* TASK STATEMENT
Copy out every line of the records in which "point" can be found.

* RECORDS SUPPLIED
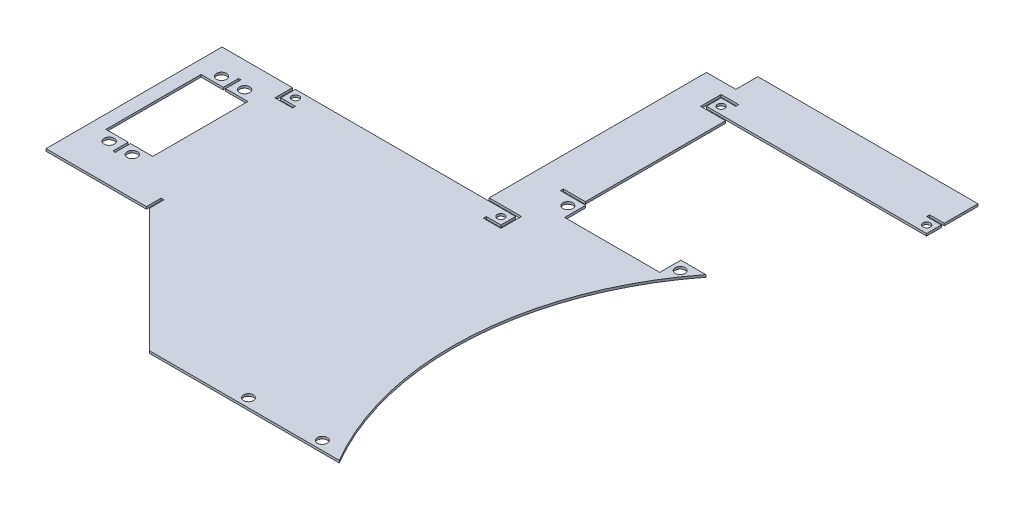
SolidWorks part; units mm, degrees
ref_plane "Front Plane" through (0, 0, 0) normal (0, 0, 1) x (1, 0, 0)
ref_plane "Top Plane" through (0, 0, 0) normal (0, 1, 0) x (1, 0, 0)
ref_plane "Right Plane" through (0, 0, 0) normal (1, 0, 0) x (0, 0, -1)
sketch "Sketch2" plane through (0, 0, 0) normal (0, 1, 0) x (1, 0, 0)
  line L1 (-127, -127) -> (127, -127)
  line L2 (-127, -127) -> (-127, 127)
  line L3 (-127, 127) -> (127, 127)
  line L4 (127, -127) -> (127, 127)
  line L5 (-127, -127) -> (127, 127) construction
  line L6 (-127, 127) -> (127, -127) construction
  point P0 (0, 0)
  dimension "D1" = 254
  dimension "D2" = 254
extrude "Boss-Extrude1" add sketch "Sketch2" along normal blind 1.0008 contours L3 L4 L1 L2
ref_plane "Plane1" through (127, 0, 0) normal (1, 0, 0) x (0, 0, -1)
sketch "Sketch3" plane through (0, 1.0008, 0) normal (0, 1, 0) x (1, 0, 0)
  line L0 (63.5, 41.91) -> (63.5, 3.81) construction
  line L1 (127, 47.252) -> (57.15, 47.252)
  line L2 (127, 47.252) -> (127, 21.852)
  line L3 (127, 21.852) -> (57.15, 21.852)
  line L4 (57.15, 47.252) -> (57.15, 21.852)
  line L7 (64.096, 22.36) -> (70.7, 22.36) construction
  line L8 (64.096, 22.36) -> (70.7, 22.36) construction
  dimension "D1" = 6.35
  dimension "D2" = 0.508
  dimension "D3" = 25.4
extrude "Cut-Extrude1" cut sketch "Sketch3" against normal through all both and the other way through all
sketch "Sketch4" plane through (0, 1.0008, 0) normal (0, 1, 0) x (1, 0, 0)
  line L4 (57.15, 21.852) -> (57.15, 47.252)
  line L5 (127, 127) -> (-127, 127)
  line L6 (127, -127) -> (127, 21.852)
  line L8 (127, 21.852) -> (57.15, 21.852)
  line L11 (-127, -127) -> (127, -127)
  line L12 (127, -127) -> (127, 21.852)
  line L17 (112.9689, -127) -> (127, -127)
  line L18 (127, 21.852) -> (122.64, 21.852)
  line L21 (-127, 127) -> (-127, -127)
  line L22 (57.15, 47.252) -> (127, 47.252)
  line L23 (127, 47.252) -> (127, 127)
  arc A0 (127, 27.1603) -> (114.5024, -129.54) centre (227.33, -59.69) ccw construction
  arc A1 (122.64, 21.852) -> (112.9689, -127) centre (227.33, -59.69) ccw
  dimension "D1" = 0
extrude "Cut-Extrude2" cut sketch "Sketch4" against normal through all both
sketch "Sketch5" plane through (0, 1.0008, 0) normal (0, 1, 0) x (1, 0, 0)
  line L0 (63.5, -129.54) -> (63.5, -61.2891) construction
  circle A0 centre (115.577, 17.86) radius 2.1 construction
  circle A1 centre (66.977, 17.86) radius 2.1 construction
  circle A2 centre (115.577, 17.86) radius 2.1 construction
  circle A3 centre (66.977, 17.86) radius 2.1 construction
  circle A4 centre (69.85, -123.19) radius 2.15
  circle A5 centre (101.8024, -123.19) radius 2.15
  circle A6 centre (66.977, 17.86) radius 2.15
  circle A7 centre (115.577, 17.86) radius 2.15
  dimension "D1" = 6.35
  dimension "D5" = 4.3
  dimension "D2" = 12.7
  dimension "D3" = 6.35
  dimension "D4" = 6.35
extrude "Cut-Extrude3" cut sketch "Sketch5" against normal through all both
sketch "Sketch6" plane through (0, 1.0008, 0) normal (0, 1, 0) x (1, 0, 0)
  line L12 (70.7, 22.36) -> (70.7, 12.733)
  line L13 (70.7, 12.733) -> (111.854, 12.733)
  line L14 (111.854, 12.733) -> (111.854, 22.36)
  line L15 (111.854, 22.36) -> (118.458, 22.36)
  line L16 (118.458, 22.36) -> (118.458, 23.36)
  line L17 (118.458, 23.36) -> (111.854, 23.36)
  line L18 (111.854, 23.36) -> (111.854, 32.987)
  line L19 (111.854, 32.987) -> (70.7, 32.987)
  line L20 (70.7, 32.987) -> (70.7, 23.36)
  line L21 (70.7, 23.36) -> (64.096, 23.36)
  line L22 (64.096, 23.36) -> (64.096, 22.36)
  line L23 (64.096, 22.36) -> (70.7, 22.36)
  line L24 (70.7, 22.36) -> (70.7, 12.733)
  line L25 (70.7, 12.733) -> (111.854, 12.733)
  line L26 (111.854, 12.733) -> (111.854, 22.36)
  line L27 (111.854, 22.36) -> (118.458, 22.36)
  line L28 (118.458, 22.36) -> (118.458, 23.36)
  line L29 (118.458, 23.36) -> (111.854, 23.36)
  line L30 (111.854, 23.36) -> (111.854, 32.987)
  line L31 (111.854, 32.987) -> (70.7, 32.987)
  line L32 (70.7, 32.987) -> (70.7, 23.36)
  line L33 (70.7, 23.36) -> (64.096, 23.36)
  line L34 (64.096, 23.36) -> (64.096, 22.36)
  line L35 (64.096, 22.36) -> (70.7, 22.36)
  circle A1 centre (66.977, 27.86) radius 2.1
  circle A2 centre (66.977, 27.86) radius 2.1
  circle A3 centre (66.977, 17.86) radius 2.1
  circle A4 centre (66.977, 17.86) radius 2.1
  circle A5 centre (115.577, 27.86) radius 2.1
  circle A6 centre (115.577, 27.86) radius 2.1
  circle A7 centre (115.577, 17.86) radius 2.1
  circle A8 centre (115.577, 17.86) radius 2.1
  dimension "D1" = 0
  dimension "D2" = 0
  dimension "D3" = 0
  dimension "D4" = 0
  dimension "D5" = 0
extrude "Cut-Extrude4" cut sketch "Sketch6" against normal through all both
sketch "Sketch7" plane through (0, 1.0008, 0) normal (0, 1, 0) x (1, 0, 0)
  line L1 (-35.5092, 2.4892) -> (59.7408, 2.4892)
  line L2 (-35.5092, 2.4892) -> (-35.5092, 97.7392)
  line L3 (-35.5092, 97.7392) -> (59.7408, 97.7392)
  line L4 (59.7408, 2.4892) -> (59.7408, 97.7392)
  line L5 (-35.5092, 2.4892) -> (59.7408, 97.7392) construction
  line L6 (-35.5092, 97.7392) -> (59.7408, 2.4892) construction
  circle A2 centre (101.6, 22.86) radius 4.7625 construction
  circle A3 centre (101.6, 22.86) radius 4.699 construction
  point P0 (12.1158, 50.1142)
  dimension "D1" = 95.25
  dimension "D3" = 20.3708
  dimension "D2" = 137.1092
extrude "Cut-Extrude5" cut sketch "Sketch7" against normal through all both
sketch "Sketch8" plane through (0, 1.0008, 0) normal (0, 1, 0) x (1, 0, 0)
  line L0 (127, 47.252) -> (127, 127)
  line L2 (127, 127) -> (-127, 127)
  line L3 (-127, 127) -> (-127, -127)
  line L4 (-127, -127) -> (-35.5092, -127)
  line L5 (-127, -127) -> (112.9689, -127) construction
  line L6 (-35.5092, -127) -> (-35.5092, 47.252)
  line L7 (-35.5092, 47.252) -> (127, 47.252)
  line L9 (-35.5092, 97.7392) -> (-35.5092, 2.4892) construction
extrude "Cut-Extrude6" cut sketch "Sketch8" against normal through all both
sketch "Sketch17" plane through (0, 1.0008, 0) normal (0, 1, 0) x (1, 0, 0)
  line L1 (59.7408, 2.4892) -> (47.0408, 2.4892)
  line L2 (59.7408, 2.4892) -> (59.7408, 85.0392)
  line L3 (59.7408, 97.7392) -> (47.0408, 97.7392)
  line L4 (47.0408, 2.4892) -> (47.0408, 97.7392)
  line L5 (-35.5092, 2.4892) -> (59.7408, 2.4892) construction
  line L6 (59.7408, 97.7392) -> (154.9908, 97.7392)
  line L8 (59.7408, 85.0392) -> (154.9908, 85.0392)
  line L9 (154.9908, 97.7392) -> (154.9908, 85.0392)
  dimension "D1" = 12.7
extrude "Boss-Extrude4" add sketch "Sketch17" against normal up to surface (1.0008 mm away) up to face at (62.6286, 0, 13.466)
sketch "Sketch18" plane through (0, 1.0008, 0) normal (0, 1, 0) x (1, 0, 0)
  line L0 (47.0408, 2.4892) -> (59.7408, 2.4892)
extrude "Cut-Extrude-Thin4" cut sketch "Sketch18" against normal through all both and the other way through all thin thin type one direction reverse wall 1.27
sketch "Sketch9" plane through (0, 1.0008, 0) normal (0, 1, 0) x (1, 0, 0)
  line L0 (-35.5092, -60.6947) -> (30.7961, -127)
  line L1 (-35.5092, -127) -> (-35.5092, 2.4892) construction
  line L2 (-35.5092, -127) -> (112.9689, -127) construction
  line L3 (-35.5092, -127) -> (30.7961, -127)
  line L4 (-35.5092, -127) -> (-35.5092, -60.6947)
  circle A0 centre (101.727, 22.86) radius 149.7727 construction
  circle A1 centre (101.727, 22.86) radius 156.1227 construction
  dimension "D1" = 6.35
  dimension "D2" = 45
extrude "Cut-Extrude7" cut sketch "Sketch9" against normal through all both
sketch "Sketch10" plane through (0, 1.0008, 0) normal (0, 1, 0) x (1, 0, 0)
  line L37 (59.7408, 21.852) -> (59.7408, 85.0392) construction
  line L38 (59.7408, 83.7692) -> (69.2658, 83.7692)
  line L39 (59.7408, 83.7692) -> (59.7408, 23.122)
  line L40 (59.7408, 23.122) -> (69.2658, 23.122)
  line L41 (69.2658, 83.7692) -> (69.2658, 23.122)
  line L42 (70.7, 21.852) -> (59.7408, 21.852) construction
  line L43 (59.7408, 85.0392) -> (154.9908, 85.0392) construction
  line L44 (154.9908, 97.7392) -> (47.0408, 97.7392) construction
  line L45 (59.7408, 97.7392) -> (154.9908, 97.7392)
  line L46 (59.7408, 97.7392) -> (59.7408, 107.2642)
  line L47 (59.7408, 107.2642) -> (154.9908, 107.2642)
  line L48 (154.9908, 97.7392) -> (154.9908, 107.2642)
  line M23 (-35.5092, -60.6947) -> (30.7961, -127)
  line M24 (30.7961, -127) -> (112.9689, -127)
  line M33 (-35.5092, 2.4892) -> (-35.5092, -60.6947)
  dimension "D1" = 1.27
  dimension "D2" = 1.27
  dimension "D3" = 9.525
extrude "Boss-Extrude2" add sketch "Sketch10" against normal up to surface (1.0008 mm away) contours M23 | M24 | M33 | L46 L45 L48 L47 | L39 L38 L41 L40 up to face at (69.4486, 0, -10.4541)
sketch "Sketch14" plane through (0, 1.0008, 0) normal (0, 1, 0) x (1, 0, 0)
  line L0 (-61.5112, -12.3358) -> (-41.2572, -53.4898) construction
  line L5 (-61.5112, -12.3358) -> (-51.8842, -12.3358)
  line L6 (-61.5112, -12.3358) -> (-61.5112, -53.4898)
  line L7 (-61.5112, -53.4898) -> (-51.8842, -53.4898)
  line L12 (-41.2572, -12.3358) -> (-41.2572, -53.4898)
  line L17 (-35.5092, -5.1308) -> (-67.2592, -5.1308)
  line L22 (-35.5092, -60.6947) -> (-35.5092, 2.4892) construction
  line L23 (-67.2592, -5.1308) -> (-67.2592, -60.6947)
  line L24 (-67.2592, -60.6947) -> (-35.5092, -60.6947)
  line L25 (-35.5092, -60.6947) -> (-35.5092, -5.1308)
  line L34 (-41.2572, -12.3358) -> (-61.5112, -53.4898) construction
  line L35 (-56.3842, -8.6128) -> (-46.3842, -57.2128) construction
  line L36 (-56.3842, -57.2128) -> (-46.3842, -8.6128) construction
  line L37 (-50.8842, -53.4898) -> (-41.2572, -53.4898)
  line L38 (-51.8842, -53.4898) -> (-51.8842, -60.0938)
  line L39 (-51.8842, -60.0938) -> (-50.8842, -60.0938)
  line L40 (-50.8842, -53.4898) -> (-50.8842, -60.0938)
  line L41 (-51.3842, -32.9128) -> (-15.6253, -32.9128) construction
  line L42 (-51.8842, -5.7318) -> (-50.8842, -5.7318)
  line L43 (-51.8842, -12.3358) -> (-51.8842, -5.7318)
  line L44 (-50.8842, -12.3358) -> (-50.8842, -5.7318)
  line L45 (-50.8842, -12.3358) -> (-41.2572, -12.3358)
  line L47 (-67.2592, -5.1308) -> (-67.2592, 2.4892)
  line L48 (-67.2592, 2.4892) -> (-35.5092, 2.4892)
  line L49 (-35.5092, 2.4892) -> (-35.5092, -5.1308)
  line L51 (-35.5092, 2.4892) -> (59.7408, 2.4892) construction
  line L52 (-67.2592, -60.6947) -> (-67.2592, -73.66)
  line L53 (-67.2592, -73.66) -> (-22.5439, -73.66)
  line L54 (30.7961, -127) -> (-35.5092, -60.6947) construction
  line L57 (-22.5439, -73.66) -> (-35.5092, -60.6947)
  circle A8 centre (-56.3842, -57.2128) radius 2.2
  circle A9 centre (-46.3842, -57.2128) radius 2.2
  circle A10 centre (-56.3842, -8.6128) radius 2.2
  circle A11 centre (-46.3842, -8.6128) radius 2.2
  point P9 (-51.3842, -60.0938)
  point P19 (-51.3842, -32.9128)
  point P20 (-51.3842, -32.9128)
  point P37 (-67.2592, -32.9128)
  point P39 (-51.3842, -60.6947)
  dimension "D3" = 48.6
  dimension "D4" = 4.4
  dimension "D2" = 10
  dimension "D5" = 41.154
  dimension "D6" = 20.254
  dimension "D7" = 1
  dimension "D8" = 6.604
  dimension "D9" = 31.75
  dimension "D10" = 7.62
  dimension "D11" = 53.34
extrude "Boss-Extrude3" add sketch "Sketch14" against normal up to surface (1.0008 mm away) contours L49 L48 L47 L17 | L24 L25 L17 L23 A11 A10 A9 A8 L44 L45 L12 L37 L40 L39 L38 L7 L6 L5 L43 L42 | L24 region at (-36.1492, 1.0008, 32.9128) region at (-51.3842, 1.0008, 1.3208) region at (-47.9597, 1.0008, 67.5437) up to face at (67.7444, 0, -26.3492)
sketch "Sketch15" plane through (0, 1.0008, 0) normal (0, 1, 0) x (1, 0, 0)
  line L0 (-22.5439, -73.66) -> (-22.5439, -67.31)
  dimension "D1" = 6.35
extrude "Cut-Extrude-Thin3" cut sketch "Sketch15" against normal through all both and the other way through all thin thin type one direction reverse wall 1.27
sketch "Sketch19" plane through (0, 1.0008, 0) normal (0, 1, 0) x (1, 0, 0)
  line L0 (154.9908, 85.0392) -> (154.9908, 107.2642) construction
  line L1 (59.7408, 85.0392) -> (154.9908, 85.0392) construction
  line L2 (59.7408, 83.7692) -> (59.7408, 85.0392) construction
  line L3 (-67.2592, 2.4892) -> (59.7408, 2.4892) construction
  line L4 (59.7408, 2.4892) -> (59.7408, 3.7592) construction
  line L5 (62.9158, 88.2142) -> (151.8158, 88.2142) construction
  line L6 (-32.3342, -0.6858) -> (56.5658, -0.6858) construction
  circle A0 centre (56.5658, -0.6858) radius 1.5875
  circle A1 centre (-32.3342, -0.6858) radius 1.5875
  circle A2 centre (151.8158, 88.2142) radius 1.5875
  circle A3 centre (62.9158, 88.2142) radius 1.5875
  dimension "D3" = 3.175
  dimension "D1" = 3.175
  dimension "D2" = 3.175
  dimension "D4" = 3.175
  dimension "D5" = 3.175
  dimension "D6" = 3.175
extrude "Cut-Extrude8" cut sketch "Sketch19" against normal through all both and the other way through all
sketch "Sketch20" plane through (0, 1.0008, 0) normal (0, 1, 0) x (1, 0, 0)
  line L0 (-35.5092, 2.4892) -> (-35.5092, -3.8608)
  line L1 (-67.2592, 2.4892) -> (59.7408, 2.4892) construction
  line L2 (-35.5092, -3.8608) -> (-29.1592, -3.8608)
  line L3 (59.7408, 2.4892) -> (59.7408, -3.8608)
  line L4 (59.7408, -3.8608) -> (53.3908, -3.8608)
  line L5 (59.7408, 85.0392) -> (59.7408, 91.3892)
  line L6 (59.7408, 91.3892) -> (66.0908, 91.3892)
  line L7 (154.9908, 91.3892) -> (154.9908, 85.0392) construction
  line L8 (148.6408, 91.3892) -> (154.9908, 91.3892)
  line L9 (154.9908, 85.0392) -> (154.9908, 107.2642) construction
  line L10 (58.4708, 85.0392) -> (58.4708, 92.6592)
  line L11 (58.4708, 92.6592) -> (66.0908, 92.6592)
  line L12 (148.6408, 92.6592) -> (154.9908, 92.6592)
  line L13 (61.0108, 2.4892) -> (61.0108, -5.1308)
  line L14 (61.0108, -5.1308) -> (53.3908, -5.1308)
  line L15 (-36.7792, 2.4892) -> (-36.7792, -5.1308)
  line L16 (-36.7792, -5.1308) -> (-29.1592, -5.1308)
  line L17 (-36.7792, 2.4892) -> (-35.5092, 2.4892)
  line L18 (-29.1592, -3.8608) -> (-29.1592, -5.1308)
  line L19 (148.6408, 92.6592) -> (148.6408, 91.3892)
  line L20 (154.9908, 91.3892) -> (154.9908, 92.6592)
  line L21 (59.7408, 85.0392) -> (58.4708, 85.0392)
  line L22 (66.0908, 91.3892) -> (66.0908, 92.6592)
  line L23 (59.7408, 2.4892) -> (61.0108, 2.4892)
  line L24 (53.3908, -3.8608) -> (53.3908, -5.1308)
  line L25 (59.7408, 85.0392) -> (59.7408, 83.7692)
  line L26 (59.7408, 83.7692) -> (69.2658, 83.7692) construction
  line L27 (59.7408, 83.7692) -> (58.4708, 83.7692)
  line L28 (58.4708, 83.7692) -> (58.4708, 85.0392)
  line L29 (59.7408, 2.4892) -> (59.7408, 3.7592)
  line L30 (59.7408, 3.7592) -> (61.0108, 3.7592)
  line L31 (61.0108, 3.7592) -> (61.0108, 2.4892)
  dimension "D1" = 6.35
  dimension "D2" = 95.25
  dimension "D3" = 1.27
  dimension "D4" = 1.27
extrude "Cut-Extrude12" cut sketch "Sketch20" against normal through all both contours L28 L27 L25 L21 | L6 L22 L11 L10 L21 L5 | L31 L30 L29 L23 | L4 L24 L14 L13 L23 L3 | L18 L2 L0 L17 L15 L16 | L8 L20 L12 L19 region at (-35.617, 1.0008, 0.6858) region at (60.3758, 1.0008, -2.3814) region at (60.3758, 1.0008, -3.1242) region at (59.1058, 1.0008, -85.147) region at (59.1058, 1.0008, -84.4042)
equation "\"looseTol\"= 0.02in"
equation "\"tightTol\"= 0.005in"
equation "\"normTol\"= 0.01in"
equation "\"D2@Sketch3\"=\"looseTol\""
equation "\"D5@Sketch5\"=4.3mm"

* COMPLETED EXERCISE
  point P0 (0, 0)
  point P0 (12.1158, 50.1142)
  point P9 (-51.3842, -60.0938)
  point P19 (-51.3842, -32.9128)
  point P20 (-51.3842, -32.9128)
  point P37 (-67.2592, -32.9128)
  point P39 (-51.3842, -60.6947)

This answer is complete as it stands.